Beim Feiern ist es wie oben beschrieben sehr entspannt. Und das obwohl, wenn man ehrlich ist, in der Rock– / Metalszene schon ein Alltags-Alkoholismus herrscht. Aber keiner von meinen typischen Partyfreunden versuchte mich zu überreden doch was zu trinken. Klar wurde ich gefragt, wieso und warum und sie waren überrascht, sieht man mich doch eher häufiger mit einem Gin-Tonic in der Hand, aber alle akzeptieren es, von einigen wurde mir auch Respekt entgegen gelallt (😉).

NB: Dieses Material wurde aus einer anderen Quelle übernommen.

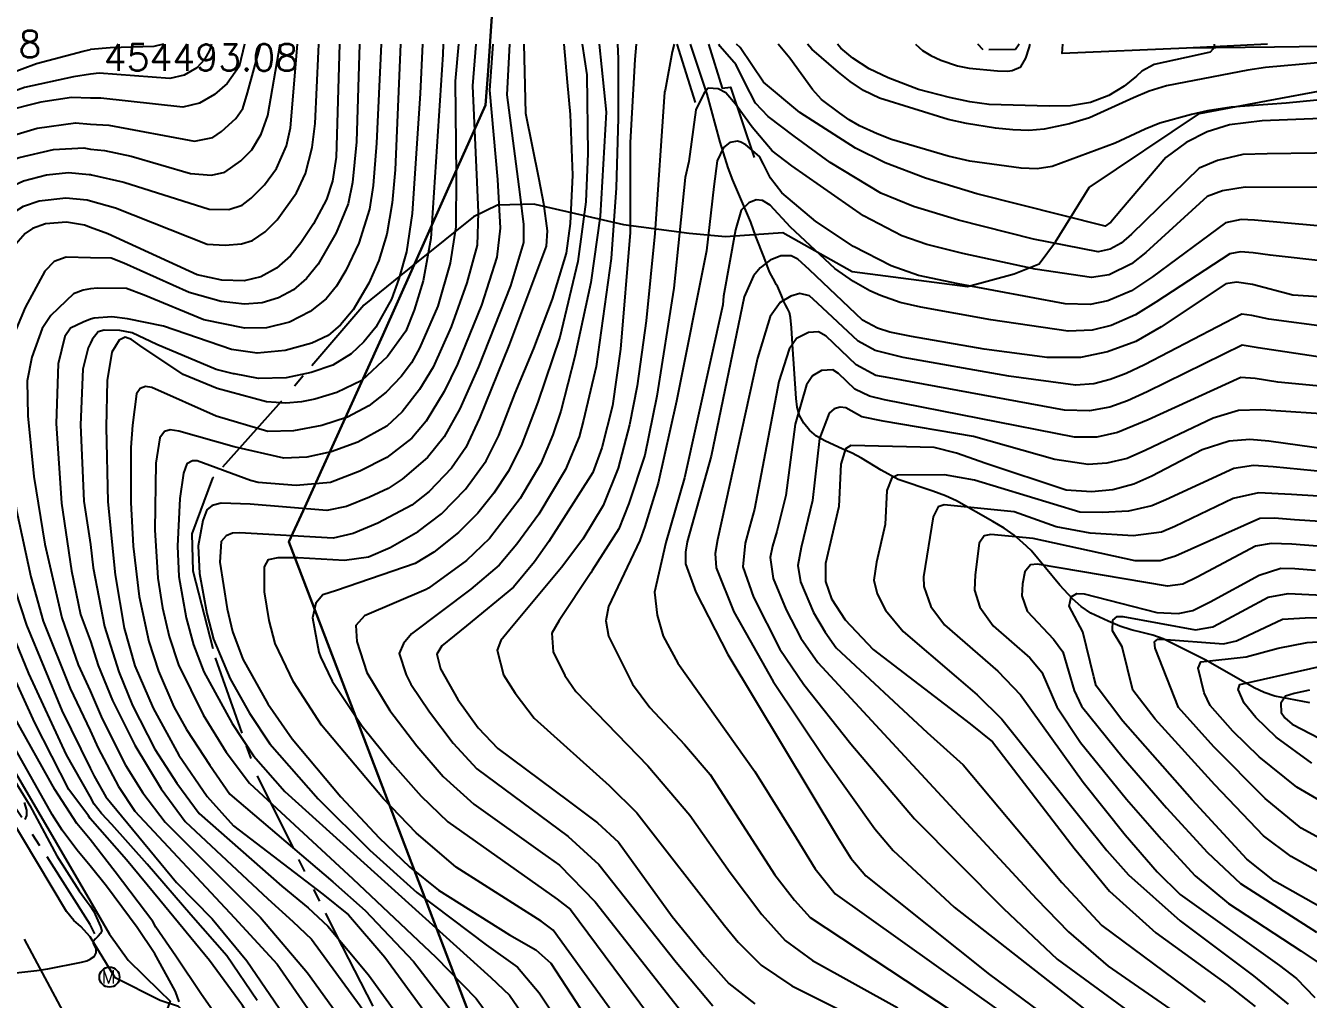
# Model space of a CAD drawing. Header units: feet. Extents: x 197796 to 199821, y 552499 to 555392.
# Drawn here: x 199112 to 199208, y 554421.5 to 554494.5 of the extents above; entities that cross this region are included whole.
import ezdxf

# ---------------------------------------------------------------- set-up
doc = ezdxf.new("R2010")
doc.units = ezdxf.units.FT
doc.header["$MEASUREMENT"] = 0
doc.linetypes.add('ANYANG1', pattern=[11.5, 6, -1, 1, -1.5, 1, -1])
doc.linetypes.add('ANYANG3', pattern=[3, 2, -1])
for name, color, linetype in [('AAA004', 7, 'ANYANG3'), ('AAC001', 7, 'CONTINUOUS'), ('AAC006', 7, 'ANYANG1'), ('AD002', 7, 'CONTINUOUS'), ('AD0022', 1, 'CONTINUOUS'), ('AE150', 7, 'CONTINUOUS'), ('AE200', 1, 'CONTINUOUS'), ('AZ0803', 7, 'CONTINUOUS'), ('BA003', 5, 'CONTINUOUS'), ('CAA001', 7, 'CONTINUOUS'), ('CAA002', 30, 'CONTINUOUS'), ('wipco_지적', 20, 'CONTINUOUS'), ('ZC601', 7, 'CONTINUOUS')]:
    doc.layers.add(name, color=color, linetype=linetype)
doc.styles.add('GHS', font='ROMANS', dxfattribs={"bigfont": 'NGSW.shx'})
doc.styles.add('NGSW', font='ROMANS.shx', dxfattribs={"bigfont": 'NGSW.shx'})

# ---------------------------------------------------------------- blocks, each defined once
blk = doc.blocks.new('AE200')
at = {"layer": 'AE200'}
blk.add_circle((0, 0), 0.75, dxfattribs=at)
at = {"layer": 'AE200', "style": 'GHS'}
blk.add_text('M', height=1, dxfattribs=at).set_placement((-0.582, -0.477))

msp = doc.modelspace()

# ---------------------------------------------------------------- linework, layer by layer
at = {"layer": 'AAA004', "color": 255}
msp.add_lwpolyline([(199186.37, 554493.07), (199186.086, 554492.68), (199183.67, 554492.66), (199183.28, 554493.07)], dxfattribs=at)
at = {"layer": 'AAC001', "color": 255}
msp.add_lwpolyline([(199150.09, 554481.1), (199156.74, 554479.57), (199161.65, 554478.93), (199164.37, 554478.67), (199168.67, 554478.98), (199173.85, 554476.04), (199182.5, 554474.91), (199186, 554475.88), (199187.86, 554476.61), (199189.09, 554478.26), (199191.61, 554482.35), (199199.88, 554487.89), (199204.89, 554488.82), (199209.45, 554489.68), (199213.93, 554490.84), (199215.93, 554493.07)], dxfattribs=at)
at = {"layer": 'AAC006', "color": 255, "flags": 128}
msp.add_lwpolyline([(199116.8, 554427.13), (199108.19, 554440.59), (199102.63, 554449.27), (199095.59, 554460.8), (199093.17, 554465.02), (199091.94, 554467.5), (199091.23, 554470.99), (199091.27, 554474.81), (199092.05, 554479.3), (199092.66, 554481.72), (199094, 554487.45), (199095.99, 554492.667), (199096.14, 554493.08)], dxfattribs=at)
at = {"layer": 'AAC006', "color": 255}
for points in [[(199150.09, 554481.1), (199147.3, 554481.01), (199145.49, 554480.14), (199141.2, 554476.69), (199137.3, 554473.53), (199130.71, 554465.85), (199125.96, 554460.57), (199124.41, 554456.38), (199124.49, 554453.62), (199126.15, 554447.11), (199129.29, 554438.26), (199135.22, 554426.34), (199140.86, 554415.34), (199145.03, 554407.86)], [(199117.15, 554426.42), (199116.8, 554427.13)]]:
    msp.add_lwpolyline(points, dxfattribs=at)
at = {"layer": 'AD002', "color": 255, "flags": 128}
msp.add_lwpolyline([(199109.33, 554410.74), (199112.89, 554412.58), (199114.86, 554415.53), (199115.14, 554419.91), (199111.89, 554426.03)], dxfattribs=at)
at = {"layer": 'AD0022', "color": 255}
for points in [[(199116.8, 554426.19), (199116.088, 554426.968), (199115.57, 554427.433), (199115.02, 554428.09), (199107.42, 554440.81), (199102.36, 554448.71), (199099.9, 554453.35), (199097.94, 554456.4), (199091.83, 554467.15), (199091.04, 554471.01), (199091.18, 554476), (199093.76, 554487.46), (199095.72, 554493.08)], [(199215.49, 554493.07), (199211.01, 554492.93), (199205.49, 554492.86), (199198.9, 554492.79), (199189.575, 554492.379), (199189.63, 554493.07)], [(199124.16, 554420.26), (199123.42, 554420.97), (199122.03, 554421.44), (199118.66, 554423.14), (199116.8, 554426.19)]]:
    msp.add_lwpolyline(points, dxfattribs=at)
at = {"layer": 'AE150', "color": 255}
msp.add_lwpolyline([(199204.96, 554493.07), (199198.9, 554492.79), (199189.575, 554492.379), (199189.63, 554493.07)], dxfattribs=at)
at = {"layer": 'AZ0803', "color": 255}
for points in [[(199162.12, 554488.71), (199160.75, 554493.08)], [(199163.09, 554493.08), (199164.12, 554489.79), (199164.74, 554489.86), (199166.52, 554484.59)]]:
    msp.add_lwpolyline(points, dxfattribs=at)
at = {"layer": 'BA003', "color": 255}
msp.add_lwpolyline([(199208.14, 554443.72), (199205.51, 554444.24), (199204.72, 554444.5), (199203.96, 554444.85), (199200.35, 554446.92), (199197.14, 554448.53), (199196.37, 554448.81), (199195.58, 554449), (199194.75, 554449.19), (199193.91, 554449.47), (199193.04, 554449.84), (199191.74, 554450.46), (199191, 554450.95), (199190.36, 554451.51), (199189.42, 554452.55), (199187.26, 554455.14), (199186.65, 554455.73), (199186, 554456.29), (199185.24, 554456.82), (199184.39, 554457.32), (199181.67, 554458.87), (199180.84, 554459.24), (199179.91, 554459.59), (199177.31, 554460.47), (199176.04, 554461.16), (199174.57, 554462.07), (199173.85, 554462.44), (199173.15, 554462.74), (199171.8, 554463.35), (199171.2, 554463.71), (199170.67, 554464.15), (199170.25, 554464.68), (199169.92, 554465.27), (199169.73, 554465.88), (199169.67, 554466.53), (199169.39, 554470.61), (199169.32, 554471.82), (199169.25, 554472.61), (199169.16, 554472.98), (199169.1, 554473.13), (199169.02, 554473.27), (199168.87, 554473.55), (199168.75, 554473.8), (199168.57, 554474.26), (199168.26, 554474.94), (199168.2, 554475.05), (199167.95, 554475.51), (199167.69, 554475.96), (199167.59, 554476.22), (199167.28, 554477.09), (199166.65, 554478.66), (199166.27, 554479.74), (199164.92, 554482.88), (199164.58, 554483.81), (199163.98, 554485.73), (199162.99, 554489.34), (199161.76, 554493.08)], dxfattribs=at)
at = {"layer": 'CAA001', "color": 255}
for points, elevation in [([(199135.46, 554493.08), (199135.22, 554484.62), (199134.95, 554482.82), (199134.5, 554481.44), (199133.52, 554479.61), (199132.58, 554478.19), (199131.81, 554477.23), (199130.74, 554476.3), (199129.58, 554475.65), (199128.33, 554475.35), (199126.66, 554475.4), (199124.81, 554475.79), (199118.13, 554478.87), (199116.81, 554479.35)], 135), ([(199128.36, 554493.08), (199127.95, 554491.41), (199127.05, 554490.12), (199126.11, 554489.31), (199124.98, 554488.65), (199123.74, 554488.37), (199117.59, 554489.03), (199116.81, 554489.03)], 140), ([(199143.24, 554493.08), (199143.217, 554492.312), (199142.3, 554478.51), (199141.74, 554475.35), (199141.07, 554473.14), (199140.43, 554471.58), (199139.06, 554469.67), (199137.15, 554467.87), (199135.28, 554466.97), (199133.62, 554466.49), (199132.63, 554466.27), (199131.46, 554466.17), (199130.01, 554466.28), (199126.3, 554467.29), (199123.76, 554468.32), (199120.52, 554470.5), (199119.88, 554470.96), (199119.41, 554471.12), (199118.97, 554470.9), (199118.43, 554470), (199118.08, 554467.89), (199117.99, 554464.38), (199118.11, 554458.8), (199118.66, 554453.31), (199119.33, 554449.33), (199120.15, 554446.51), (199121.51, 554443.32), (199123.44, 554439.81), (199125.56, 554436.71), (199127.54, 554434.52), (199134.23, 554429.4), (199136.13, 554427.85), (199138.86, 554424.68), (199148.25, 554411.83)], 130), ([(199149.27, 554493.08), (199149.4, 554487.91), (199150.4, 554482.96), (199150.75, 554481.13), (199151.02, 554479.09), (199150.95, 554477.95), (199148.18, 554470.54), (199145.96, 554465.05), (199144.93, 554462.86), (199143.85, 554461.3), (199142.19, 554459.57), (199140.88, 554458.54), (199138.33, 554457.19), (199136.49, 554456.42), (199134.99, 554456.06), (199127.98, 554456.47), (199127.46, 554456.43), (199126.98, 554456.24), (199126.6, 554455.83), (199126.5, 554454.26), (199127.05, 554450.78), (199127.45, 554449.07), (199128.23, 554447.01), (199130.11, 554443.66), (199131.92, 554441.03), (199135.56, 554436.7), (199138.44, 554433.62), (199140.71, 554431.45), (199142.88, 554429.69), (199148.2, 554426.35), (199150.17, 554425.22), (199151.3, 554424.23), (199158.3, 554413.47)], 125), ([(199157.68, 554493.08), (199157.58, 554491.929), (199157.23, 554485.71), (199157.23, 554478.96), (199156.52, 554470.22), (199155.91, 554465.99), (199155.12, 554462.83), (199154.44, 554460.99), (199151.14, 554455.82), (199150.06, 554454.29), (199148.5, 554452.39), (199144.97, 554449.51), (199143.14, 554448), (199142.75, 554447.38), (199143.03, 554446.27), (199144.33, 554443.97), (199145.86, 554441.87), (199147.33, 554440.32), (199152.59, 554436.4), (199154.8, 554434.73), (199156.37, 554433.28), (199160.39, 554427.72), (199162.8, 554424.74), (199164.63, 554422.71), (199166.56, 554421.18)], 120), ([(199218.07, 554493.07), (199217.12, 554491.412), (199215.62, 554489.58), (199214.79, 554488.83), (199213.62, 554488.14), (199211.49, 554487.61), (199204.56, 554487.33), (199202.12, 554487.04), (199200.44, 554486.5), (199198.87, 554485.71), (199197.36, 554484.59), (199194.04, 554480.7), (199193.24, 554479.74), (199192.8, 554479.44), (199183.2, 554481.86), (199179.35, 554483.05), (199176.33, 554484.18), (199174.11, 554485.28), (199169.94, 554487.96), (199167.22, 554490.24), (199165.46, 554492.83), (199165.19, 554493.08)], 120), ([(199209.58, 554474.11), (199206.86, 554474.28), (199203.83, 554475.07), (199202.63, 554475.24), (199201.85, 554475.13), (199196.99, 554471.9), (199195.11, 554470.81), (199192.98, 554470.03), (199190.96, 554469.6), (199188.45, 554469.6), (199183.75, 554470.23), (199178.29, 554471.17), (199176.67, 554471.51), (199175.75, 554471.79), (199174.63, 554472.4), (199170.67, 554476.16), (199169.79, 554476.98), (199169.3, 554477.22), (199168.52, 554477.23), (199167.71, 554476.89), (199166.96, 554476.32), (199166.46, 554475.72), (199165.78, 554474.15), (199163.29, 554462.22), (199161.51, 554455.79), (199161.38, 554455.02), (199161.37, 554454.15), (199162.15, 554452.03), (199164.56, 554447.36), (199172.77, 554433.7), (199173.77, 554432.09), (199174.88, 554430.78), (199184.14, 554423.38), (199190.86, 554418.42)], 115), ([(199209.54, 554462.7), (199205.05, 554463.33), (199203.63, 554463.47), (199202.09, 554463.33), (199200.08, 554462.68), (199196.29, 554460.71), (199194.96, 554460.11), (199193.39, 554459.7), (199191.77, 554459.53), (199189.88, 554459.67), (199183.86, 554461.67), (199181.67, 554462.43), (199180.01, 554462.85), (199173.76, 554463.01), (199173.36, 554462.76), (199173, 554461.61), (199172.87, 554458.44), (199171.86, 554454.18), (199171.86, 554452.82), (199172.32, 554451.52), (199173.34, 554449.95), (199175.44, 554447.73), (199182.7, 554442.16), (199184.37, 554440.82), (199190.48, 554432.83), (199193.14, 554429.62), (199196.59, 554426.51), (199201.95, 554422.63), (199204.03, 554420.98)], 110), ([(199209.78, 554427.95), (199205.48, 554430.36), (199203.41, 554432.01), (199199.33, 554436.47), (199194.13, 554442.36), (199192.14, 554445.01), (199191.95, 554445.67), (199191.14, 554449.05), (199190.1, 554450.98), (199190.27, 554451.67), (199190.68, 554451.91), (199191.22, 554451.89), (199196.68, 554450.5), (199198.28, 554450.43), (199199.38, 554450.66), (199200.67, 554451.3), (199204.34, 554453.3), (199205.97, 554453.81), (199207.01, 554453.79), (199208.55, 554453.66)], 105), ([(199208.1, 554444.69), (199206.96, 554444.44), (199206.3, 554444.23), (199205.95, 554443.7), (199205.98, 554443), (199206.26, 554442.61), (199206.8, 554442.14), (199217.89, 554436.4)], 100), ([(199116.8, 554438.84), (199117.09, 554438.24), (199117.97, 554436.69), (199123.26, 554430.26), (199125.92, 554427.54), (199128.54, 554424.41), (199137.18, 554411.71)], 135), ([(199116.8, 554428.9), (199118.24, 554426.41), (199119.63, 554424.45), (199121.96, 554422.18), (199122.78, 554421.37), (199122.23, 554419.94), (199118.79, 554414.51), (199117.15, 554412.06), (199116.8, 554411.61)], 140)]:
    msp.add_lwpolyline(points, dxfattribs=dict(at, elevation=elevation))
at = {"layer": 'CAA001', "color": 255, "flags": 128}
for points, elevation in [([(199116.81, 554489.03), (199115.4, 554489.07), (199113.09, 554488.73), (199110.33, 554488.03), (199107.58, 554486.94), (199105.47, 554485.85), (199103.54, 554484.57), (199102.17, 554483.42), (199100.86, 554481.62), (199099.92, 554479.55), (199098.45, 554474.84), (199097.87, 554472.15), (199097.67, 554469.86), (199097.86, 554467.61), (199098.9, 554464.04), (199104.15, 554451.85), (199106.42, 554446.67), (199116.8, 554428.9)], 140), ([(199116.81, 554479.35), (199116.36, 554479.51), (199115.02, 554479.73), (199113.46, 554479.61), (199112.49, 554479.27), (199111.93, 554478.89), (199111.24, 554478.09), (199108.43, 554469.79), (199108.17, 554468.9), (199108.24, 554466.21), (199109.1, 554460.53), (199109.69, 554457.44), (199110.32, 554454.75), (199112.04, 554449.54), (199114.68, 554443.16), (199116.8, 554438.84)], 135)]:
    msp.add_lwpolyline(points, dxfattribs=dict(at, elevation=elevation))
at = {"layer": 'CAA002', "color": 255}
for points, elevation in [([(199141.69, 554493.08), (199141.51, 554489.37), (199140.92, 554480.39), (199140.49, 554477.52), (199139.91, 554475.49), (199139.35, 554473.98), (199138.18, 554471.88), (199137.3, 554470.78), (199136.34, 554469.89), (199134.97, 554469.03), (199133.35, 554468.47), (199131.47, 554468.09), (199129.4, 554468.04), (199127.61, 554468.38), (199127.54, 554468.39), (199126.24, 554468.71), (199121.78, 554470.58), (199119.93, 554471.44), (199119.01, 554471.62), (199117.85, 554471.65), (199117.4, 554471.53), (199116.95, 554470.94), (199116.81, 554470.68)], 131), ([(199140.03, 554493.08), (199139.64, 554483.66), (199139.42, 554481.2), (199139.01, 554478.85), (199138.41, 554476.87), (199137.67, 554475.17), (199136.49, 554473.18), (199135.53, 554472.05), (199134.61, 554471.26), (199133.4, 554470.68), (199131.39, 554470.12), (199129.29, 554469.93), (199127.37, 554470.21), (199122.29, 554471.95), (199119.58, 554472.5), (199118.43, 554472.65), (199117.1, 554472.55), (199116.81, 554472.47)], 132), ([(199138.6, 554493.08), (199138.24, 554485.65), (199137.99, 554482.49), (199137.71, 554480.72), (199136.92, 554478.16), (199135.94, 554476.11), (199135.24, 554474.94), (199134.47, 554474), (199133.28, 554473.04), (199131.72, 554472.26), (199129.99, 554471.83), (199128.38, 554471.81), (199125.32, 554472.42), (199120.84, 554474.28), (199119.52, 554474.76), (199117.35, 554474.8), (199116.81, 554474.75)], 133), ([(199136.96, 554493.08), (199136.74, 554485.76), (199136.44, 554482.71), (199136.11, 554481.11), (199135.21, 554478.94), (199133.86, 554476.59), (199133, 554475.52), (199132.02, 554474.67), (199130.9, 554474.07), (199129.68, 554473.71), (199128.36, 554473.61), (199126.61, 554473.81), (199124.2, 554474.48), (199119.31, 554476.68), (199118.36, 554477.05), (199116.81, 554477.07)], 134), ([(199116.81, 554481.35), (199118.7, 554480.81), (199125.56, 554478.09), (199126.9, 554478.01), (199128.13, 554478.11), (199128.96, 554478.36), (199129.91, 554479.02), (199130.79, 554479.92), (199132.25, 554481.93), (199132.92, 554483.39), (199133.41, 554485.34), (199133.65, 554487.14), (199133.905, 554492.527), (199133.92, 554493.08)], 136), ([(199116.81, 554483.31), (199116.9, 554483.3), (199119.31, 554482.74), (199125.71, 554480.71), (199127.19, 554480.7), (199128.18, 554481.02), (199128.85, 554481.53), (199129.85, 554482.55), (199130.76, 554483.77), (199131.49, 554485.46), (199131.8, 554486.8), (199132.33, 554493.08)], 137), ([(199116.81, 554485.22), (199117.88, 554485.1), (199119.87, 554484.68), (199124.3, 554483.38), (199125.87, 554483.26), (199126.87, 554483.48), (199128.07, 554484.33), (199128.9, 554485.15), (199129.61, 554486.33), (199130.1, 554487.74), (199131.03, 554493.08)], 138), ([(199116.81, 554487.09), (199118.2, 554487.02), (199124.61, 554485.8), (199125.99, 554486.09), (199126.63, 554486.53), (199127.7, 554487.5), (199128.22, 554488.27), (199128.58, 554489.43), (199129.57, 554493.08)], 139), ([(199122.29, 554493.08), (199121.567, 554492.907), (199118.29, 554492.8), (199116.81, 554492.68)], 142), ([(199125.89, 554493.08), (199125.733, 554492.608), (199125.367, 554491.934), (199124.78, 554491.31), (199123.84, 554490.76), (199122.77, 554490.5), (199117.48, 554490.9), (199116.81, 554490.83)], 141), ([(199144.37, 554493.08), (199144.13, 554490.3), (199144.2, 554483.25), (199144.18, 554479.38), (199143.76, 554476.68), (199142.83, 554473.44), (199141.46, 554470.31), (199140.87, 554469.21), (199140.09, 554468.18), (199138.97, 554467), (199137.67, 554465.98), (199136.07, 554465.14), (199134.14, 554464.51), (199132.03, 554464.11), (199130.11, 554464.05), (199126.24, 554465.21), (199121.41, 554467.36), (199120.94, 554467.42), (199120.55, 554467.27), (199120.27, 554466.87), (199119.96, 554464.54), (199119.84, 554462.86), (199119.84, 554458.75), (199120.01, 554455.46), (199120.46, 554451.69), (199121.18, 554448.32), (199121.92, 554446.11), (199123.06, 554443.44), (199124.02, 554441.74), (199125.76, 554439.05), (199127.26, 554436.9), (199134.97, 554430.32), (199137.4, 554428.18), (199141, 554424.34), (199149.5, 554413.34)], 129), ([(199145.67, 554493.08), (199145.42, 554489.96), (199145.76, 554482.73), (199145.85, 554480.47), (199145.78, 554478.03), (199145, 554475.2), (199143.84, 554471.89), (199142.48, 554468.89), (199141.47, 554467.21), (199140.17, 554465.52), (199139, 554464.47), (199136.83, 554463.27), (199134.84, 554462.53), (199133.03, 554462.13), (199131.29, 554462.05), (199127.57, 554462.9), (199123.43, 554464.08), (199122.79, 554464.18), (199122.37, 554464.05), (199122.02, 554463.59), (199121.71, 554461.68), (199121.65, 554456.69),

Diese Akzeptanz ist leider in der heutigen Gesellschaft nicht selbstverständlich, bei manchen Menschen kommst du nur damit durch, wenn du Auto fährst und selbst dann kommt oft „Ach, komm, ein Bier geht.“ Ich selbst halte nichts davon jemanden das Trinken ein oder aus zu reden und ich bin sehr froh darüber, dass es meine Freunde auch so handhaben.
Wie gesagt, meine Freunde und Kollegen akzeptieren das alle und es hat auch echt Vorteile. Ich kann immerhin am nächsten Tag sagen, ob sich jmd daneben benommen hat oder nicht. Und bei Trinkspielen bin ich ein super Gamemaster und Schiedsrichter.

Will ich euch jetzt mit diesem Text animieren auch zu fasten? Nein, auf keinen Fall. Jeder soll und muss sowas für sich selbst entscheiden. Das ist nur mein Erlebnis, das ich gerne mit euch teile. Wenn ihr euch dazu doch mal entscheidet hier ein wertvoller Tipp: Macht kein allzu großes Ding draus. (haha, sagt die, die einen ganzen Blogeintrag dazu schreibt.) Was ich meine ist folgendes:
Überlegt ob und worauf ihr verzichten wollt, trefft diese Entscheidung alleine, ohne Einfluss von anderen. Wenn ihr fastet verzweifelt nicht daran, wenn es mal nicht so gut klappt, man eben doch die Weißwein-Sauce bestellt hat oder doch zu einem Stück Schoki gegriffen hat. Einfach akzeptieren und weiter machen. Geht offen damit um, aber ihr müsst es nicht bei jeder Gelegenheit erwähnen. Manchmal merken die anderen das gar nicht, dass ihr fastet. Und versucht nicht, euch dadurch überlegen zu fühlen. Meine Fastenzeit ist für mich, nicht für jemand anderen. Nur mir muss ich beweisen, dass ich es kann, niemand anderem.